Pertanyaan yang mungkin timbul, bagaimana kaitan antara sorotan tajam terhadap kekayaan, keserakahan dan ketidakpedulian sosial dengan cita-cita tentang reformasi sosial yang dilandasi semangat mewujudkan kehidupan yang penuh rahmah itu? Kaitannya sangat jelas, bahwa keserakahan dan ketidakpedulian sosial adalah yang menimbulkan suatu kehidupan yang tidak disemangati nilai-nilai rahmah. Karena itu reformasi sosial mestilah ditandai, pertama-tama oleh distribusi kekayaan yang adil. Itulah prioritas utama yang digeluti Nabi dalam usaha mewujudkan reformasi sosial.

TAUHID POLITIK

Jika ’tauhid’ dimaknai sebagai pintu awal proses reformasi sosial, maka setiap muslim mesti mampu mengembangkan aktivisme demi mendorong proses tersebut. Politik yang baik adalah politik yang mengarah pada aktivisme perubahan masyarakat kearah yang lebih baik.

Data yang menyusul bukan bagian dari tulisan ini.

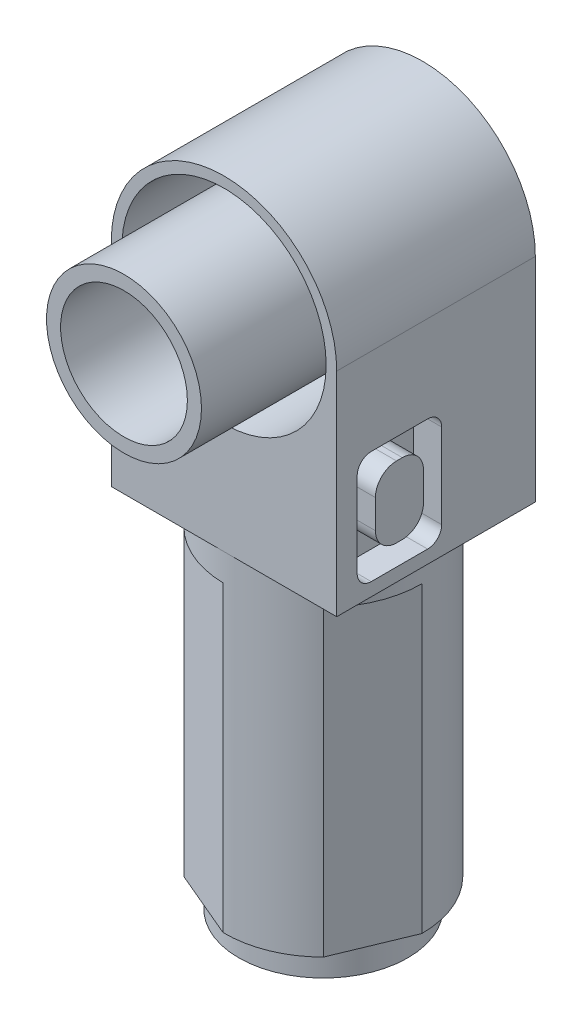
from build123d import *
from build123d.topology import SkipClean

# Parameters (mm, degrees)
BOSS_EXTRUDE1_DEPTH = 14.1
SKETCH2_R           = 7
BOSS_EXTRUDE2_DEPTH = 2
BOSS_EXTRUDE6_DEPTH = 21.5
SKETCH9_R           = 4.5
CUT_EXTRUDE6_DEPTH  = 20
SKETCH11_R          = 6
BOSS_EXTRUDE8_DEPTH = 2
CUT_EXTRUDE7_START  = 27
SKETCH3_R           = 4.5
CUT_EXTRUDE7_DEPTH  = 27
SKETCH12_R          = 4.5
CUT_EXTRUDE8_DEPTH  = 12
SKETCH12_3_R        = 7.25
SKETCH12_3_R_2      = 5.5
CUT_EXTRUDE9_DEPTH  = 12
BOSS_EXTRUDE9_START = 7.1
SKETCH12_4_R        = 5.5
SKETCH12_4_R_2      = 4.5
BOSS_EXTRUDE9_DEPTH = 7.1
SKETCH13_W          = 0.8
SKETCH13_H          = 2.25
SKETCH13_W_2        = 0.7
SKETCH13_H_2        = 1.6
CUT_EXTRUDE10_DEPTH = 2
CUT_EXTRUDE12_DEPTH = 2


with BuildPart() as part:
    # Sketch1 → Boss-Extrude1 (new body)
    with BuildSketch(Plane.XY):
        with BuildLine():
            ThreePointArc((8, 0), (0, 8), (-8, 0))
            Line((-8, 0), (-8, -15.1))
            Line((-8, -15.1), (8, -15.1))
            Line((8, -15.1), (8, 0))
        make_face()
    extrude(amount=BOSS_EXTRUDE1_DEPTH)

    # Sketch2 → Boss-Extrude2 (add)
    with BuildSketch(Plane.XZ.offset(15.1)):
        with Locations((0, 7.05)):
            Circle(SKETCH2_R)
    extrude(amount=BOSS_EXTRUDE2_DEPTH)

    # Sketch8 → Boss-Extrude6 (add)
    with SkipClean():  # the faces are left unmerged after this step: merging them gives an invalid solid
        with BuildSketch(Plane(origin=(0, -17.1, 0), x_dir=(-1, 0, 0), z_dir=(0, -1, 0))):
            with BuildLine():
                Line((7, -7.05), (4.949747468, -2.100252532))
                ThreePointArc((4.949747468, -2.100252532), (2.623124592, -0.560067999), (-0.120272225, -0.05103332))
                Line((-0.120272225, -0.05103332), (-4.949747468, -2.100252532))
                ThreePointArc((-4.949747468, -2.100252532), (-6.467156728, -4.371215973), (-7, -7.05))
                Line((-7, -7.05), (-4.949747468, -11.999747468))
                ThreePointArc((-4.949747468, -11.999747468), (-2.623124592, -13.539932001), (0.120272225, -14.04896668))
                Line((0.120272225, -14.04896668), (4.949747468, -11.999747468))
                ThreePointArc((4.949747468, -11.999747468), (6.467156728, -9.728784027), (7, -7.05))
            make_face()
        extrude(amount=BOSS_EXTRUDE6_DEPTH)

    # Sketch9 → Cut-Extrude6 (cut)
    with SkipClean():  # the faces are left unmerged after this step: merging them gives an invalid solid
        with BuildSketch(Plane(origin=(0, -38.6, 0), x_dir=(-1, 0, 0), z_dir=(0, -1, 0))):
            with Locations((0, -7.05)):
                Circle(SKETCH9_R)
        extrude(amount=-CUT_EXTRUDE6_DEPTH, mode=Mode.SUBTRACT)

    # Sketch11 → Boss-Extrude8 (add)
    with SkipClean():  # the faces are left unmerged after this step: merging them gives an invalid solid
        with BuildSketch(Plane(origin=(0, -38.6, 0), x_dir=(-1, 0, 0), z_dir=(0, -1, 0))):
            with Locations((0, -7.05)):
                Circle(SKETCH11_R)
        extrude(amount=BOSS_EXTRUDE8_DEPTH)

    # Sketch3 → Cut-Extrude7 (cut)
    with SkipClean():  # the faces are left unmerged after this step: merging them gives an invalid solid
        with BuildSketch(Plane.XZ.offset(17.1).offset(CUT_EXTRUDE7_START)):
            with Locations((0, 7.05)):
                Circle(SKETCH3_R)
        extrude(amount=-CUT_EXTRUDE7_DEPTH, mode=Mode.SUBTRACT)

    # Sketch12 → Cut-Extrude8 (cut)
    with SkipClean():  # the faces are left unmerged after this step: merging them gives an invalid solid
        with BuildSketch(Plane.XY.offset(14.1)):
            Circle(SKETCH12_R)
        extrude(amount=-CUT_EXTRUDE8_DEPTH, mode=Mode.SUBTRACT)

    # Sketch12<3> → Cut-Extrude9 (cut)
    with SkipClean():  # the faces are left unmerged after this step: merging them gives an invalid solid
        with BuildSketch(Plane.XY.offset(14.1)):
            Circle(SKETCH12_3_R)
            Circle(SKETCH12_3_R_2, mode=Mode.SUBTRACT)
        extrude(amount=-CUT_EXTRUDE9_DEPTH, mode=Mode.SUBTRACT)

    # Sketch12<4> → Boss-Extrude9 (add)
    with SkipClean():  # the faces are left unmerged after this step: merging them gives an invalid solid
        with BuildSketch(Plane.XY.offset(14.1).offset(BOSS_EXTRUDE9_START)):
            Circle(SKETCH12_4_R)
            Circle(SKETCH12_4_R_2, mode=Mode.SUBTRACT)
        extrude(amount=-BOSS_EXTRUDE9_DEPTH)

    # Sketch13 → Cut-Extrude10 (cut)
    with SkipClean():  # the faces are left unmerged after this step: merging them gives an invalid solid
        with BuildSketch(Plane.ZY.offset(8)):
            with Locations((10.5, -7.641192761)):
                Rectangle(SKETCH13_W, SKETCH13_H)
            with Locations((11.8, -10.441164669)):
                Rectangle(SKETCH13_W_2, SKETCH13_H_2)
            with Locations((9.2, -10.441164669)):
                Rectangle(SKETCH13_W_2, SKETCH13_H_2)
        extrude(amount=-CUT_EXTRUDE10_DEPTH, mode=Mode.SUBTRACT)

    # Sketch14 → Cut-Extrude12 (cut)
    with SkipClean():  # the faces are left unmerged after this step: merging them gives an invalid solid
        with BuildSketch(Plane(origin=(8, 0, 0), x_dir=(0, 0, -1), z_dir=(1, 0, 0))):
            with BuildLine():
                Line((-7.64754844, -14.165884792), (-11.64754844, -14.165884792))
                ThreePointArc((-11.64754844, -14.165884792), (-12.354655221, -13.872991573), (-12.64754844, -13.165884792))
                Line((-12.64754844, -13.165884792), (-12.64754844, -7.165884792))
                ThreePointArc((-12.64754844, -7.165884792), (-12.354655221, -6.45877801), (-11.64754844, -6.165884792))
                Line((-11.64754844, -6.165884792), (-7.64754844, -6.165884792))
                ThreePointArc((-7.64754844, -6.165884792), (-6.940441659, -6.45877801), (-6.64754844, -7.165884792))
                Line((-6.64754844, -7.165884792), (-6.64754844, -13.165884792))
                ThreePointArc((-6.64754844, -13.165884792), (-6.940441659, -13.872991573), (-7.64754844, -14.165884792))
            make_face()
            with BuildLine():
                Line((-9.441476419, -12.684690809), (-9.85362046, -12.684690809))
                ThreePointArc((-9.85362046, -12.684690809), (-10.914280632, -12.245350981), (-11.35362046, -11.184690809))
                Line((-11.35362046, -11.184690809), (-11.35362046, -9.147078774))
                ThreePointArc((-11.35362046, -9.147078774), (-10.914280632, -8.086418602), (-9.85362046, -7.647078774))
                Line((-9.85362046, -7.647078774), (-9.441476419, -7.647078774))
                ThreePointArc((-9.441476419, -7.647078774), (-8.380816248, -8.086418602), (-7.941476419, -9.147078774))
                Line((-7.941476419, -9.147078774), (-7.941476419, -11.184690809))
                ThreePointArc((-7.941476419, -11.184690809), (-8.380816248, -12.245350981), (-9.441476419, -12.684690809))
            make_face(mode=Mode.SUBTRACT)
        extrude(amount=-CUT_EXTRUDE12_DEPTH, mode=Mode.SUBTRACT)


solid = part.part

Bagaimana menemukan relevansi tauhid bagi aktivisme politik tersebut ?

Berkaitan dengan konsep tauhid, mesti dipahami bahwa Islam sangat memperhitungkan: adanya tujuan dalam penciptaan makhluk, dan sekaligus memerdekakan dan membebaskan manusia dari perbudakan dan penghambaan pada berbagai kekuatan di luar Tuhan. Oleh karena itu, demi tegaknya pandangan ini maka diperlukan pengabdian sepenuhnya pada Tuhan dan hal tersebut berarti menolak setiap jenis kekuasaan intelektual, budaya, politik, ekonomi, dll, yang merendahkan manusia (Mowlana, 1994).

Kini, semakin jelas bahwa aktivisme politik yang berangkat dari prinsip-prinsip tauhid adalah aktivisme penuh kepedulian bagi reformasi sosial untuk mengangkat martabat manusia pada tempat yang paling layak. Penghargaan sepenuh hati, pengakuan kedaulatan dan melawan setiap jenis usaha untuk merendahkannya.

Inilah refleksi terdalam yang mesti menjadi bahan renungan bersama. Para pejabat publik, akademisi, politisi, profesional, intelektual, dll, yang memiliki gairah bagi reformasi sosial patut untuk mengembangkan world view yang jelas bagaimana Islam sebagai keyakinan memiliki potensi, bahkan aktual, untuk tujuan-tujuan perubahan. Pelajaran yang berharga adalah, kita meyakini bahwa Islam bukan semata sebagai sumber etika, namun juga sumber world view, sekaligus ideologi bagi gerakan sosial.